▸ **Task inputs**
-=-=-
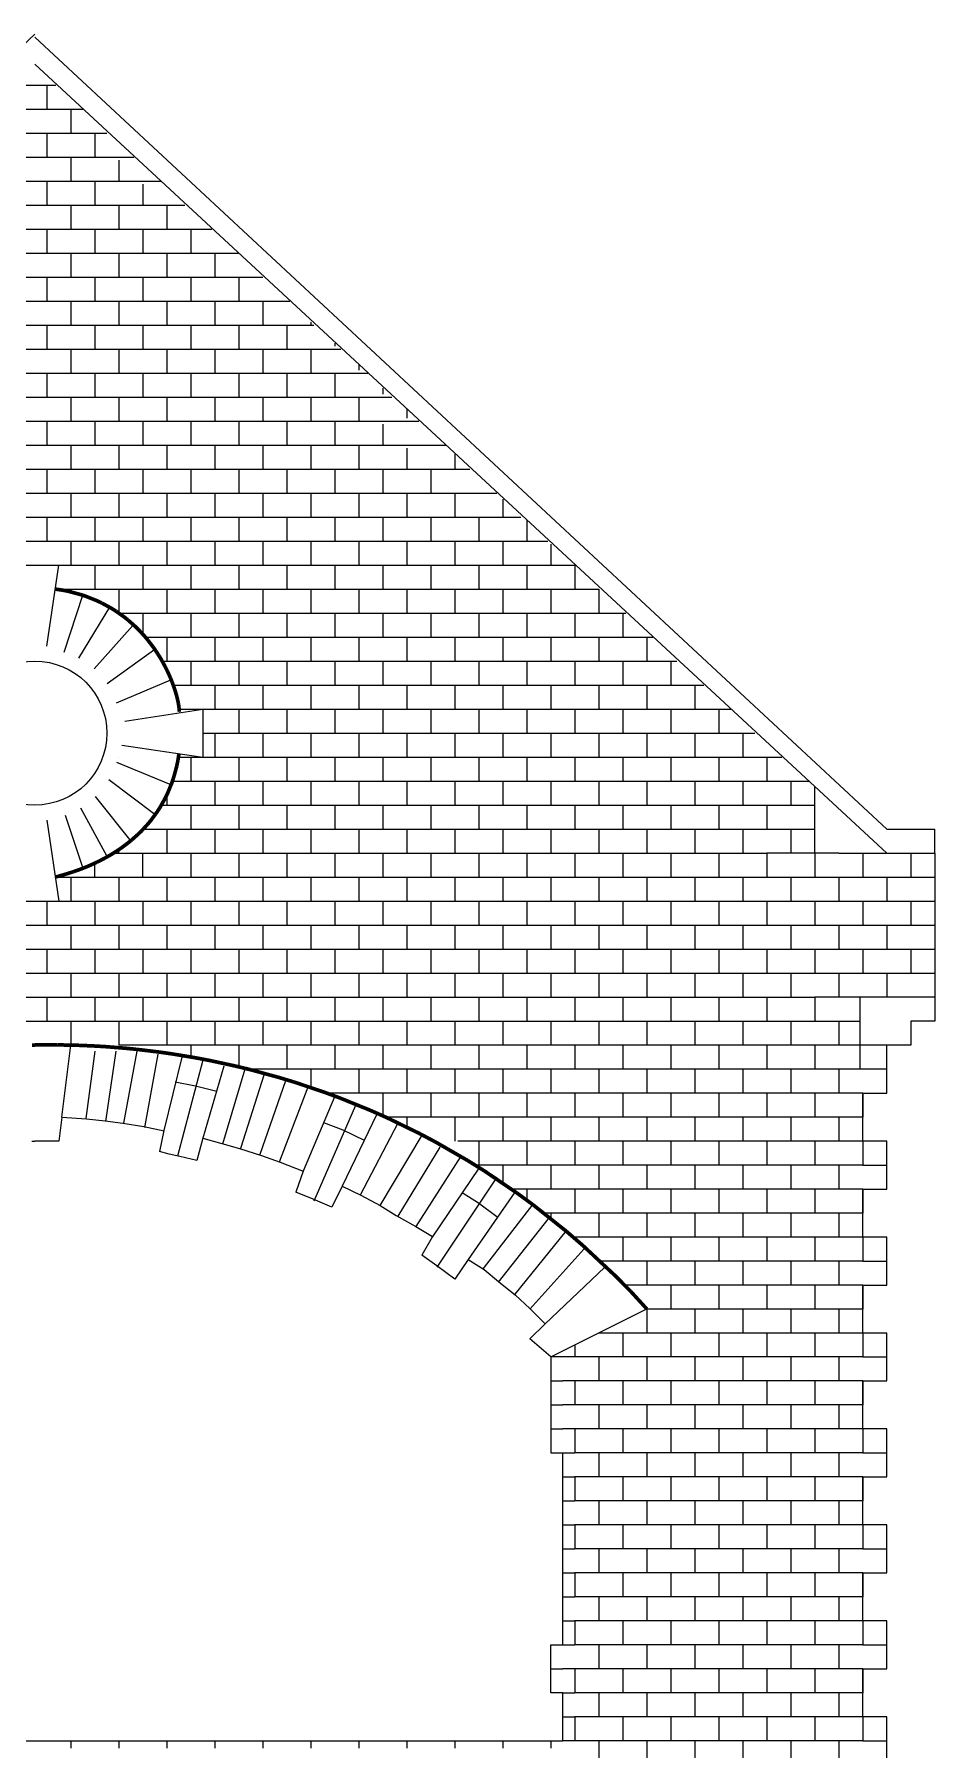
# Model space of a CAD drawing. Extents: x 9 to 84, y 10 to 118.
# Drawn here: x 46.5 to 84, y 46.6 to 118.1 of the extents above; entities that cross this region are included whole.
import ezdxf

# ---------------------------------------------------------------- set-up
doc = ezdxf.new("R2010")
doc.units = 0
doc.header["$MEASUREMENT"] = 0
doc.layers.add('OHNE_NAMEN', color=5, linetype='CONTINUOUS')

msp = doc.modelspace()

# ---------------------------------------------------------------- linework, layer by layer
at = {"layer": 'OHNE_NAMEN', "color": 5, "linetype": 'CONTINUOUS'}
for p, q in [((11.0008, 85.0007), (46.5, 118.1252)), ((46.5, 117.9999), (82.0004, 85.0004)), ((82.0004, 85.0004), (84.0006, 85.0004)), ((84.0006, 84.0003), (84.0006, 85.0004)), ((84.0006, 84.0003), (84.0006, 77.0004)), ((84.0006, 77.0004), (83.0005, 77.0004)), ((83.0005, 77.0004), (83.0005, 76.0003)), ((82, 74.0001), (82, 76)), ((83.0005, 76.0003), (82.0004, 76.0003)), ((81.0002, 71.9998), (81.0002, 74.0001)), ((81.0002, 74.0001), (82, 74.0001)), ((82, 71.9998), (81.0002, 71.9998)), ((82, 69.9999), (82, 71.9998)), ((81.0002, 71.0001), (82, 71.0001)), ((81.0002, 68), (81.0002, 69.9999)), ((81.0002, 69.9999), (82, 69.9999)), ((82, 68), (81.0002, 68)), ((82, 66.0001), (82, 68)), ((81.0002, 66.9999), (82, 66.9999)), ((81.0002, 63.9999), (81.0002, 66.0001)), ((81.0002, 66.0001), (82, 66.0001)), ((82, 63.9999), (81.0002, 63.9999)), ((82, 62), (82, 63.9999)), ((81.0002, 63.0001), (82, 63.0001)), ((81.0002, 60.0001), (81.0002, 62)), ((81.0002, 62), (82, 62)), ((82, 60.0001), (81.0002, 60.0001)), ((82, 57.9998), (82, 60.0001)), ((81.0002, 59), (82, 59)), ((81.0002, 55.9999), (81.0002, 57.9998)), ((81.0002, 57.9998), (82, 57.9998)), ((82, 55.9999), (81.0002, 55.9999)), ((82, 54), (82, 55.9999)), ((81.0002, 55.0002), (82, 55.0002)), ((81.0002, 52.0001), (81.0002, 54)), ((81.0002, 54), (82, 54)), ((82, 52.0001), (81.0002, 52.0001)), ((82, 49.9999), (82, 52.0001)), ((81.0002, 51), (82, 51)), ((81.0002, 48), (81.0002, 49.9999)), ((81.0002, 49.9999), (82, 49.9999)), ((82, 48), (81.0002, 48)), ((82, 46.0001), (82, 48)), ((81.0002, 46.9999), (82, 46.9999))]:
    msp.add_line(p, q, dxfattribs=at)
at = {"layer": 'OHNE_NAMEN', "color": 7, "linetype": 'CONTINUOUS'}
for p, q in [((46.5, 116.8749), (82.0004, 84.0003)), ((45.6251, 116), (47.3749, 116)), ((46.9999, 115.9997), (46.9999, 114.9999)), ((44.5001, 114.9999), (48.4999, 114.9999)), ((48, 114.9999), (48, 114.0001)), ((43.5, 114.0001), (49.5, 114.0001)), ((46.9999, 113.9998), (46.9999, 113)), ((49.0001, 114.0001), (49.0001, 113)), ((42.375, 113), (50.625, 113)), ((48, 113), (48, 111.9999)), ((49.9999, 112.8751), (49.9999, 111.9999)), ((41.25, 111.9999), (51.75, 111.9999)), ((46.9999, 111.9999), (46.9999, 111.0001)), ((49.0001, 111.9999), (49.0001, 111.0001)), ((51, 111.875), (51, 111.0001)), ((40.2502, 111.0001), (52.7502, 111.0001)), ((48, 111.0001), (48, 110)), ((49.9999, 111.0001), (49.9999, 110)), ((52.0001, 111.0001), (51.9998, 110)), ((39.1252, 110), (53.8752, 110)), ((46.9999, 110), (46.9999, 108.9999)), ((49.0001, 110), (49.0001, 108.9999)), ((51, 110), (51, 108.9999)), ((52.9999, 110), (52.9999, 108.9999)), ((38.0002, 108.9999), (55.0002, 108.9999)), ((48, 108.9999), (48, 108.0001)), ((49.9999, 108.9999), (49.9999, 108.0001)), ((51.9998, 108.9999), (51.9998, 108.0001)), ((54, 108.9999), (54, 108.0001)), ((37, 108.0001), (55.9999, 108.0001)), ((46.9999, 108.0001), (46.9999, 107)), ((49.0001, 108.0001), (49.0001, 107)), ((51, 108.0001), (51, 107)), ((52.9999, 108.0001), (52.9999, 107)), ((55.0002, 108.0001), (54.9998, 107)), ((35.875, 107), (57.125, 107)), ((48, 107), (48, 105.9998)), ((49.9999, 107), (49.9999, 105.9998)), ((51.9998, 107), (51.9998, 105.9998)), ((54, 107), (54, 105.9998)), ((55.9999, 107), (55.9999, 105.9998)), ((34.75, 105.9998), (58.1251, 105.9998)), ((46.9999, 105.9998), (46.9999, 105.0001)), ((49.0001, 105.9998), (49.0001, 105.0001)), ((51, 105.9998), (51, 105.0001)), ((52.9999, 105.9998), (52.9999, 105.0001)), ((54.9998, 105.9998), (54.9998, 105.0001)), ((57.0001, 105.9998), (57.0001, 105.0001)), ((57.9998, 106.1251), (58.0002, 106.0002)), ((59, 105.2498), (59, 105.125)), ((33.75, 105.0001), (59.2501, 105.0001)), ((48, 105.0001), (48, 103.9999)), ((49.9999, 105.0001), (49.9999, 103.9999)), ((51.9998, 105.0001), (51.9998, 103.9999)), ((54, 105.0001), (54, 103.9999)), ((55.9999, 105.0001), (55.9999, 103.9999)), ((57.9998, 105.0001), (57.9998, 103.9999)), ((32.625, 103.9999), (60.3751, 103.9999)), ((46.9999, 103.9999), (46.9999, 102.9998)), ((49.0001, 103.9999), (49.0001, 102.9998)), ((51, 103.9999), (51, 102.9998)), ((52.9999, 103.9999), (52.9999, 102.9998)), ((54.9998, 103.9999), (54.9998, 102.9998)), ((57.0001, 103.9999), (57.0001, 102.9998)), ((59, 103.9999), (59, 102.9998)), ((60.0001, 104.3749), (60.0001, 104.1252)), ((31.5, 103.0002), (61.3749, 103.0002)), ((48, 102.9998), (48, 102)), ((49.9999, 102.9998), (49.9999, 102)), ((51.9998, 102.9998), (51.9998, 102)), ((54, 102.9998), (54, 102)), ((55.9999, 102.9998), (55.9999, 102)), ((57.9998, 102.9998), (57.9998, 102)), ((60.0001, 103.0002), (60.0001, 102)), ((60.9999, 103.3752), (60.9999, 103.1251)), ((62, 102.4999), (62, 102.1253)), ((30.5, 102), (62.4999, 102)), ((46.9999, 102), (46.9999, 100.9999)), ((49.0001, 102), (49.0001, 100.9999)), ((51, 102), (51, 100.9999)), ((52.9999, 102), (52.9999, 100.9999)), ((54.9998, 102), (54.9998, 100.9999)), ((57.0001, 102), (57.0001, 100.9999)), ((59, 102), (59, 100.9999)), ((60.9999, 101.8752), (60.9999, 100.9999)), ((29.375, 100.9999), (63.6249, 100.9999)), ((48, 100.9999), (48, 99.9998)), ((49.9999, 100.9999), (49.9999, 99.9998)), ((51.9998, 100.9999), (51.9998, 99.9998)), ((54, 100.9999), (54, 99.9998)), ((55.9999, 100.9999), (55.9999, 99.9998)), ((57.9998, 100.9999), (57.9998, 99.9998)), ((60.0001, 100.9999), (60.0001, 99.9998)), ((62, 100.875), (62, 100.0001)), ((63.9999, 100.6249), (63.9999, 100.0001)), ((28.25, 100.0001), (64.625, 100.0001)), ((46.9999, 99.9998), (46.9999, 99)), ((49.0001, 99.9998), (49.0001, 99)), ((51, 99.9998), (51, 99)), ((52.9999, 99.9998), (52.9999, 99)), ((54.9998, 99.9998), (54.9998, 99)), ((57.0001, 99.9998), (57.0001, 99)), ((59, 99.9998), (59, 99)), ((60.9999, 99.9998), (60.9999, 99)), ((63.0001, 99.9998), (63.0001, 99)), ((27.25, 99), (65.75, 99)), ((48, 99), (48, 97.9999)), ((49.9999, 99), (49.9999, 97.9999)), ((51.9998, 99), (51.9998, 97.9999)), ((54, 99), (54, 97.9999)), ((55.9999, 99), (55.9999, 97.9999)), ((57.9998, 99), (57.9998, 97.9999)), ((60.0001, 99), (60.0001, 97.9999)), ((62, 99), (62, 97.9999)), ((63.9999, 99), (63.9999, 97.9999)), ((66.0001, 98.7499), (65.9998, 97.9999)), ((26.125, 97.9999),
-=-=-
▸ **Aim of the task**
Exact copy, pictures excluded: repeat the lines from the top of the material through the line with "import ezdxf".

▸ **Your solution**
# Model space of a CAD drawing. Extents: x 9 to 84, y 10 to 118.
# Drawn here: x 46.5 to 84, y 46.6 to 118.1 of the extents above; entities that cross this region are included whole.
import ezdxf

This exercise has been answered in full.